Fighting continued as the US convoy snaked away, jeeps limping along with
blown-out tires and dragging another disabled vehicle.
As the convoy negotiated switch-backs above cliff faces some four kilometers
forward, insurgents launched yet another assault, rocketing the disabled
vehicle, which still had four soldiers in it. Three-inch thick glass windows
shattered and rockets bounced off the metal armor. "I looked around the bend
and I could see Captain Tino Gonzales trying to keep his rear covered, ducking
and dodging behind a tiny boulder as bullets pinged off the rock," said
Petrovia, who finally decided to abandon the disabled vehicle. An Apache was
ordered to destroy it to prevent the Taliban or al-Qaeda from gaining access to
sensitive military information.
At 8 pm, well after sunset, the US convoy puttered back into its base at
Kalagush. Commanders said they had been taken aback by both the weaponry and
the number of insurgents that had attacked them in Doab.
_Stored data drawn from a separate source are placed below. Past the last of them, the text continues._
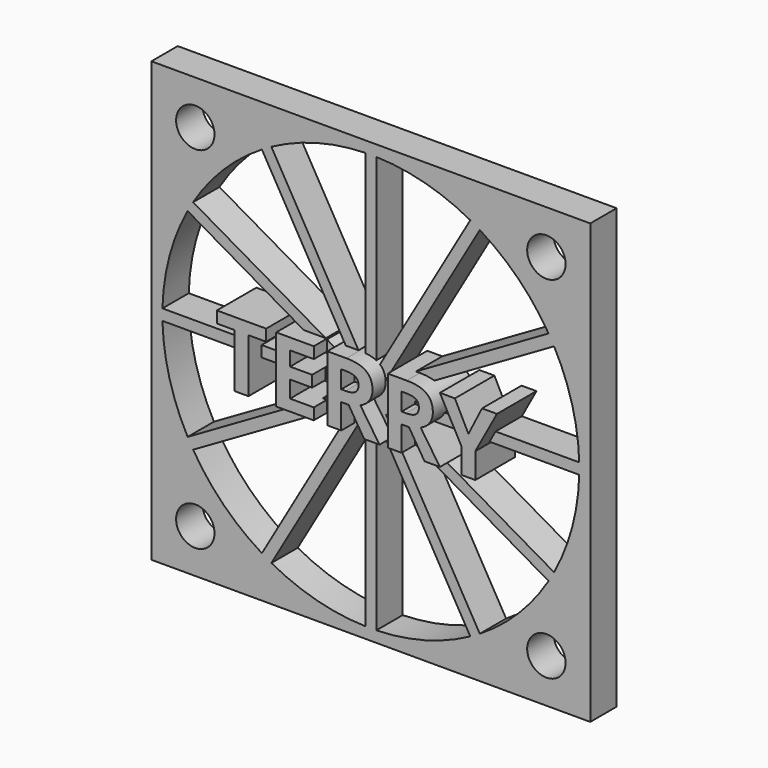
from build123d import *

# Parameters (mm, degrees)
F0_W         = 40
F0_H         = 40
F0_R         = 1.75
F1_DEPTH     = 3
F2_TEXT_SIZE = 8.3333333333
F3_DEPTH     = 4.5


# Not quite as in the source:
# - Text() gives the source's letters only with a copy of the font that has no kerning and outlines rounded to 1/6400 em; it was checked with that copy


with BuildPart() as f1:
    # F0 (on Front) → F1 (new body)
    with BuildSketch(Plane.XZ):
        Rectangle(F0_W, F0_H)
        with Locations((-16, -16)):
            Circle(F0_R, mode=Mode.SUBTRACT)
        with BuildLine():
            Line((-0.5, -1.8660254038), (-0.5, -18.9934199132))
            ThreePointArc((-0.5, -18.9934199132), (-4.9175618569, -18.3525906995), (-9.0636972547, -16.6987841496))
            Line((-9.0636972547, -16.6987841496), (-0.5, -1.8660254038))
        make_face(mode=Mode.SUBTRACT)
        with BuildLine():
            ThreePointArc((-16.6987841496, -9.0636972547), (-18.3525906995, -4.9175618569), (-18.9934199132, -0.5))
            Line((-18.9934199132, -0.5), (-1.8660254038, -0.5))
            Line((-1.8660254038, -0.5), (-16.6987841496, -9.0636972547))
        make_face(mode=Mode.SUBTRACT)
        with BuildLine():
            ThreePointArc((-9.9297226585, -16.1987841496), (-13.4350288425, -13.4350288425), (-16.1987841496, -9.9297226585))
            Line((-16.1987841496, -9.9297226585), (-1.3660254038, -1.3660254038))
            Line((-1.3660254038, -1.3660254038), (-9.9297226585, -16.1987841496))
        make_face(mode=Mode.SUBTRACT)
        with BuildLine():
            ThreePointArc((9.0636972547, -16.6987841496), (4.9175618569, -18.3525906995), (0.5, -18.9934199132))
            Line((0.5, -18.9934199132), (0.5, -1.8660254038))
            Line((0.5, -1.8660254038), (9.0636972547, -16.6987841496))
        make_face(mode=Mode.SUBTRACT)
        with Locations((16, -16)):
            Circle(F0_R, mode=Mode.SUBTRACT)
        with BuildLine():
            ThreePointArc((16.1987841496, -9.9297226585), (13.4350288425, -13.4350288425), (9.9297226585, -16.1987841496))
            Line((9.9297226585, -16.1987841496), (1.3660254038, -1.3660254038))
            Line((1.3660254038, -1.3660254038), (16.1987841496, -9.9297226585))
        make_face(mode=Mode.SUBTRACT)
        with BuildLine():
            ThreePointArc((18.9934199132, -0.5), (18.3525906995, -4.9175618569), (16.6987841496, -9.0636972547))
            Line((16.6987841496, -9.0636972547), (1.8660254038, -0.5))
            Line((1.8660254038, -0.5), (18.9934199132, -0.5))
        make_face(mode=Mode.SUBTRACT)
        with BuildLine():
            ThreePointArc((-18.9934199132, 0.5), (-18.3525906995, 4.9175618569), (-16.6987841496, 9.0636972547))
            Line((-16.6987841496, 9.0636972547), (-1.8660254038, 0.5))
            Line((-1.8660254038, 0.5), (-18.9934199132, 0.5))
        make_face(mode=Mode.SUBTRACT)
        with BuildLine():
            ThreePointArc((-16.1987841496, 9.9297226585), (-13.4350288425, 13.4350288425), (-9.9297226585, 16.1987841496))
            Line((-9.9297226585, 16.1987841496), (-1.3660254038, 1.3660254038))
            Line((-1.3660254038, 1.3660254038), (-16.1987841496, 9.9297226585))
        make_face(mode=Mode.SUBTRACT)
        with Locations((-16, 16)):
            Circle(F0_R, mode=Mode.SUBTRACT)
        with BuildLine():
            ThreePointArc((-9.0636972547, 16.6987841496), (-4.9175618569, 18.3525906995), (-0.5, 18.9934199132))
            Line((-0.5, 18.9934199132), (-0.5, 1.8660254038))
            Line((-0.5, 1.8660254038), (-9.0636972547, 16.6987841496))
        make_face(mode=Mode.SUBTRACT)
        with BuildLine():
            ThreePointArc((9.9297226585, 16.1987841496), (13.4350288425, 13.4350288425), (16.1987841496, 9.9297226585))
            Line((16.1987841496, 9.9297226585), (1.3660254038, 1.3660254038))
            Line((1.3660254038, 1.3660254038), (9.9297226585, 16.1987841496))
        make_face(mode=Mode.SUBTRACT)
        with BuildLine():
            ThreePointArc((16.6987841496, 9.0636972547), (18.3525906995, 4.9175618569), (18.9934199132, 0.5))
            Line((18.9934199132, 0.5), (1.8660254038, 0.5))
            Line((1.8660254038, 0.5), (16.6987841496, 9.0636972547))
        make_face(mode=Mode.SUBTRACT)
        with BuildLine():
            ThreePointArc((0.5, 18.9934199132), (4.9175618569, 18.3525906995), (9.0636972547, 16.6987841496))
            Line((9.0636972547, 16.6987841496), (0.5, 1.8660254038))
            Line((0.5, 1.8660254038), (0.5, 18.9934199132))
        make_face(mode=Mode.SUBTRACT)
        with Locations((16, 16)):
            Circle(F0_R, mode=Mode.SUBTRACT)
    extrude(amount=F1_DEPTH)

    # F2 (on Front) → F3 (join)
    with BuildSketch(Plane.XZ):
        with Locations((-13, -3)):
            Text('TERRY', F2_TEXT_SIZE, font='Open Sans', font_style=FontStyle.BOLD, text_align=(TextAlign.LEFT, TextAlign.BOTTOM))
    extrude(amount=F3_DEPTH)


solid = f1.part
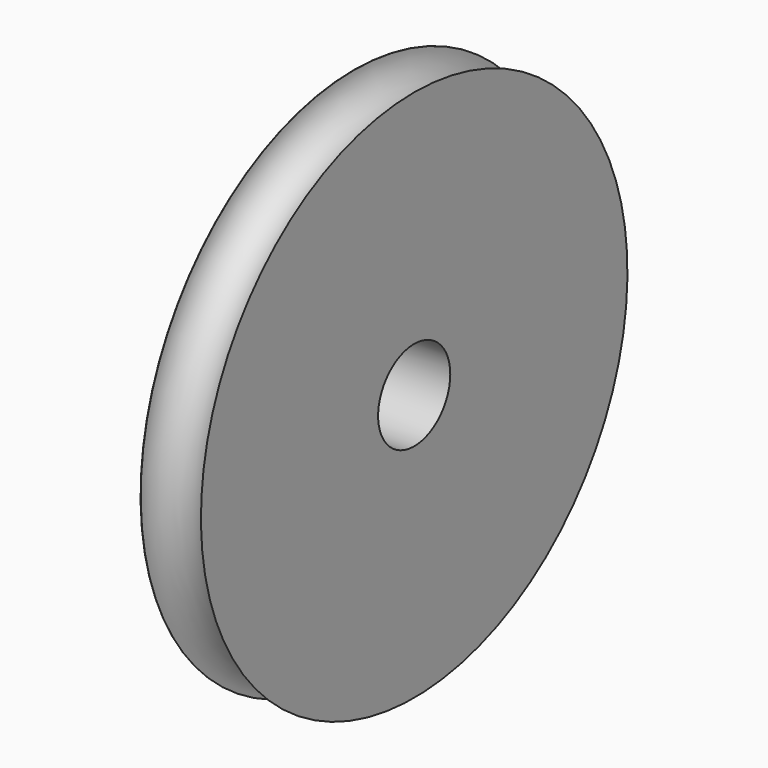
from build123d import *

# Parameters (mm, degrees)
F2_R     = 1.5875
F3_DEPTH = 3.175


# Not quite as in the source:
# - a length typed as a fraction of an inch, garbled in the dataset ("3 / 203.2 mm" for 3/8 in), is restored


with BuildPart() as f1:
    # F0 (on Front) → F1 (revolve)
    with BuildSketch(Plane.XZ):
        with BuildLine():
            Line((1.059713671, 0), (1.059713671, 9.3838354061))
            ThreePointArc((1.059713671, 9.3838354061), (1e-10, 8.3241217351), (-1.059713671, 9.3838354058))
            ThreePointArc((-1.0597136683, 9.3838354055), (-1.0630601457, 9.3834601649), (-1.0664064903, 9.3830837412))
            Line((-1.0664064903, 9.3830837412), (-1.0664064903, 0))
            Line((-1.0664064903, 0), (1.059713671, 0))
        make_face()
    revolve(axis=Axis((-0.0033464096, 0, 0), (1, 0, 0)))

    # F2 (on Right) → F3 (cut, symmetric)
    with BuildSketch(Plane.YZ):
        Circle(F2_R)
    extrude(amount=F3_DEPTH, both=True, mode=Mode.SUBTRACT)


solid = f1.part

"I was surprised, but in another sense I was disappointed," said naval
commander Kerr. While the US humanitarian mission had met with local officials,
the enemy had stealthily slipped into town. No one had tipped the Americans
off, despite the growing concentration of insurgents. Several American officers
said the day had made it clear that local officials were "in the pocket" of
Taliban and al-Qaeda interests.
Despite the attack, US officers returned two days later by helicopter to inform
local officials in a quick in-and-out meeting that they intended to push ahead
with development projects for Doab. Fresh radio intercepts even indicated a new
attack was in the making as the choppers departed.
"If we stop our assistance, it will be hard for people to recognize the
legitimacy of the Afghan government," insisted Petrovia, expressing an American
idealism that was rarely on show in the first several years of this conflict.
"If we can't offer more than the bad guys, what will the fence-sitters do? We
have to keep going up there. We have to keep trying. It is a matter of saying,
'your freedom of choice is worth it to us'. I'm convinced that the purity of
our actions and intentions will be enduring."
Philip Smucker is a commentator and journalist based in South Asia and
the Middle East. He is the author of Al-Qaeda's Great Escape: The
Military and the Media on Terror's Trail (2004). He is currently writing My
Brother, My Enemy, a book about America and the battle of ideas in the Islamic
world.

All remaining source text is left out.